Keysight 5G RF tool runs from chips to systems

July 20, 2020 //By Nick Flaherty
Keysight 5G RF tool runs from chips to systems
Keysight's PathWave Design 2021 enables 5G design engineers to accelerate development of chip, board and systems by integrating device, circuit and system design.

Keysight Technologies has launched an open, scalable and predictable 5G and millimetre wave design and validation tool to accelerate delivery of chip, board and system products.

The 5G market is rapidly gaining broader acceptance. Network operators are transitioning from 4G and rolling out commercial 5G around the world. Equipment manufacturers and suppliers need to optimize performance, cost (yield), and time-to-market in their designs to be selected as vendor of choice for mainstream 5G deployments.

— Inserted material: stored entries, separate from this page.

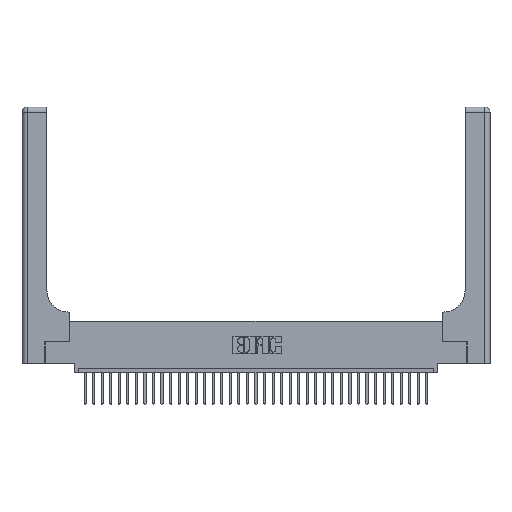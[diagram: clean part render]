
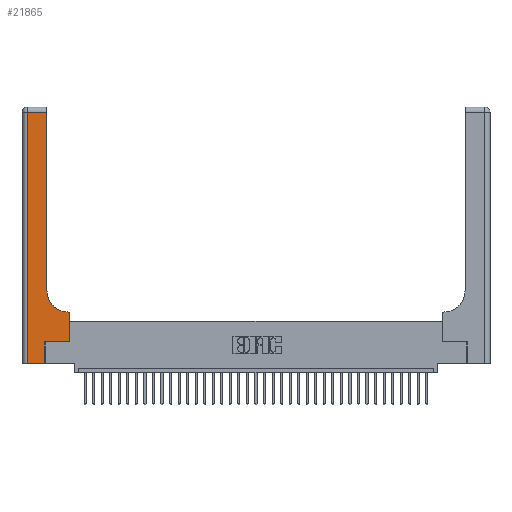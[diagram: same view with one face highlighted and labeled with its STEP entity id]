
A CAD part, top view. The second image highlights one B-rep face of the part: STEP entity #21865.
In plain terms, the highlighted planar face has unit normal (0, 0, 1).
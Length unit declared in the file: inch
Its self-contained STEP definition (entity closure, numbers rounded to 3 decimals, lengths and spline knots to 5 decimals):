
#196 = LINE ( 'NONE', #36196, #8522 ) ;
#812 = LINE ( 'NONE', #3320, #9189 ) ;
#1720 = FACE_OUTER_BOUND ( 'NONE', #33803, .T. ) ;
#2210 = DIRECTION ( 'NONE',  ( -1., 0., 0. ) ) ;
#2587 = DIRECTION ( 'NONE',  ( 0., 1., 0. ) ) ;
#3306 = ORIENTED_EDGE ( 'NONE', *, *, #23170, .T. ) ;
#3320 = CARTESIAN_POINT ( 'NONE',  ( 0.06, 3., 0.37 ) ) ;
#3379 = EDGE_CURVE ( 'NONE', #16204, #22490, #29919, .T. ) ;
#4727 = LINE ( 'NONE', #35810, #25415 ) ;
#6345 = CARTESIAN_POINT ( 'NONE',  ( 0.5585, 0.25, 0.37 ) ) ;
#7218 = LINE ( 'NONE', #6345, #8104 ) ;
#7263 = DIRECTION ( 'NONE',  ( 0., 0., -1. ) ) ;
#7483 = DIRECTION ( 'NONE',  ( 1., 0., 0. ) ) ;
#7749 = CARTESIAN_POINT ( 'NONE',  ( 0., 2.94, 0.37 ) ) ;
#7998 = EDGE_CURVE ( 'NONE', #25982, #34511, #21732, .T. ) ;
#8104 = VECTOR ( 'NONE', #31127, 39.37008 ) ;
#8522 = VECTOR ( 'NONE', #2587, 39.37008 ) ;
#9146 = VERTEX_POINT ( 'NONE', #13296 ) ;
#9189 = VECTOR ( 'NONE', #34221, 39.37008 ) ;
#9779 = VERTEX_POINT ( 'NONE', #25006 ) ;
#10670 = VERTEX_POINT ( 'NONE', #19244 ) ;
#11815 = CARTESIAN_POINT ( 'NONE',  ( 0., 3., 0.37 ) ) ;
#12187 = ORIENTED_EDGE ( 'NONE', *, *, #25467, .T. ) ;
#13296 = CARTESIAN_POINT ( 'NONE',  ( 0.5585, 0.25, 0.37 ) ) ;
#13794 = ORIENTED_EDGE ( 'NONE', *, *, #22637, .T. ) ;
#13895 = ORIENTED_EDGE ( 'NONE', *, *, #25291, .T. ) ;
#14114 = CARTESIAN_POINT ( 'NONE',  ( 0., 0., 0.37 ) ) ;
#14475 = VECTOR ( 'NONE', #16166, 39.37008 ) ;
#14664 = DIRECTION ( 'NONE',  ( 0., 0., -1. ) ) ;
#16166 = DIRECTION ( 'NONE',  ( 0., 1., 0. ) ) ;
#16204 = VERTEX_POINT ( 'NONE', #31932 ) ;
#16680 = ORIENTED_EDGE ( 'NONE', *, *, #33700, .T. ) ;
#18534 = CARTESIAN_POINT ( 'NONE',  ( 0.269, 0., 0.37 ) ) ;
#19244 = CARTESIAN_POINT ( 'NONE',  ( 0.2915, 2.94, 0.37 ) ) ;
#19749 = VERTEX_POINT ( 'NONE', #34036 ) ;
#20339 = ORIENTED_EDGE ( 'NONE', *, *, #7998, .T. ) ;
#20638 = EDGE_CURVE ( 'NONE', #9779, #9146, #4727, .T. ) ;
#20818 = AXIS2_PLACEMENT_3D ( 'NONE', #21295, #7263, #32989 ) ;
#20954 = CARTESIAN_POINT ( 'NONE',  ( 0.5415, 0.6, 0.37 ) ) ;
#21295 = CARTESIAN_POINT ( 'NONE',  ( 0.5415, 0.85, 0.37 ) ) ;
#21732 = LINE ( 'NONE', #14114, #35714 ) ;
#21865 = ADVANCED_FACE ( 'NONE', ( #1720 ), #31390, .F. ) ;
#22490 = VERTEX_POINT ( 'NONE', #20954 ) ;
#22637 = EDGE_CURVE ( 'NONE', #27346, #10670, #36329, .T. ) ;
#23170 = EDGE_CURVE ( 'NONE', #22490, #27346, #30141, .T. ) ;
#25002 = AXIS2_PLACEMENT_3D ( 'NONE', #11815, #14664, #28621 ) ;
#25006 = CARTESIAN_POINT ( 'NONE',  ( 0.269, 0.25, 0.37 ) ) ;
#25130 = DIRECTION ( 'NONE',  ( 1., 0., 0. ) ) ;
#25291 = EDGE_CURVE ( 'NONE', #10670, #19749, #32195, .T. ) ;
#25415 = VECTOR ( 'NONE', #7483, 39.37008 ) ;
#25467 = EDGE_CURVE ( 'NONE', #34511, #9779, #196, .T. ) ;
#25982 = VERTEX_POINT ( 'NONE', #32724 ) ;
#26560 = VECTOR ( 'NONE', #2210, 39.37008 ) ;
#27303 = VECTOR ( 'NONE', #31958, 39.37008 ) ;
#27346 = VERTEX_POINT ( 'NONE', #30794 ) ;
#28621 = DIRECTION ( 'NONE',  ( -1., 0., 0. ) ) ;
#28642 = ORIENTED_EDGE ( 'NONE', *, *, #34262, .T. ) ;
#29162 = CARTESIAN_POINT ( 'NONE',  ( 0.2915, 0.6, 0.37 ) ) ;
#29744 = CARTESIAN_POINT ( 'NONE',  ( 0.2915, 3., 0.37 ) ) ;
#29919 = LINE ( 'NONE', #29162, #27303 ) ;
#30064 = ORIENTED_EDGE ( 'NONE', *, *, #3379, .T. ) ;
#30141 = CIRCLE ( 'NONE', #20818, 0.25 ) ;
#30794 = CARTESIAN_POINT ( 'NONE',  ( 0.2915, 0.85, 0.37 ) ) ;
#31048 = ORIENTED_EDGE ( 'NONE', *, *, #20638, .T. ) ;
#31127 = DIRECTION ( 'NONE',  ( 0., 1., 0. ) ) ;
#31390 = PLANE ( 'NONE',  #25002 ) ;
#31932 = CARTESIAN_POINT ( 'NONE',  ( 0.5585, 0.6, 0.37 ) ) ;
#31958 = DIRECTION ( 'NONE',  ( -1., 0., 0. ) ) ;
#32195 = LINE ( 'NONE', #7749, #26560 ) ;
#32724 = CARTESIAN_POINT ( 'NONE',  ( 0.06, 0., 0.37 ) ) ;
#32989 = DIRECTION ( 'NONE',  ( 1., 0., 0. ) ) ;
#33700 = EDGE_CURVE ( 'NONE', #19749, #25982, #812, .T. ) ;
#33803 = EDGE_LOOP ( 'NONE', ( #13794, #13895, #16680, #20339, #12187, #31048, #28642, #30064, #3306 ) ) ;
#34036 = CARTESIAN_POINT ( 'NONE',  ( 0.06, 2.94, 0.37 ) ) ;
#34221 = DIRECTION ( 'NONE',  ( 0., -1., 0. ) ) ;
#34262 = EDGE_CURVE ( 'NONE', #9146, #16204, #7218, .T. ) ;
#34511 = VERTEX_POINT ( 'NONE', #18534 ) ;
#35714 = VECTOR ( 'NONE', #25130, 39.37008 ) ;
#35810 = CARTESIAN_POINT ( 'NONE',  ( 0.269, 0.25, 0.37 ) ) ;
#36196 = CARTESIAN_POINT ( 'NONE',  ( 0.269, 0., 0.37 ) ) ;
#36329 = LINE ( 'NONE', #29744, #14475 ) ;

However, higher frequencies coupled with the increasing design integration and complexity of 5G, require a unified, end-to-end approach to eliminate late stage design iterations and ensure first pass success.

PathWave Design 2021 provides tools across all design phases including simulation to validation as well as test and manufacturing in 5G RF and microwave design flows.

“Current design methodologies for 4G and earlier standards use approximate figures of merit to get designs to market quickly,” said Tom Lillig, general manager of PathWave Software Solutions at Keysight Technologies. “This legacy approach is insufficient for modern designs, which increase integration requirements due to 5G broadband modulation schemes.  The design techniques developed with previous generations of designs simply aren’t sufficient to meet the 5G standards.”

Keysight says engineers can eliminate months from product schedules by increasing the speed and reducing the complexity of chip level analysis and verification with integrated EM simulation and accelerating the verification process by running simulations in parallel in the high-performance cloud computing. The toolflow helps to predict performance at the circuit and system levels using common modulated signals and accurate RF system models. This supports scaling of the end-to-end ecosystem from device to circuit to test and manufacturing with model-driven engineering.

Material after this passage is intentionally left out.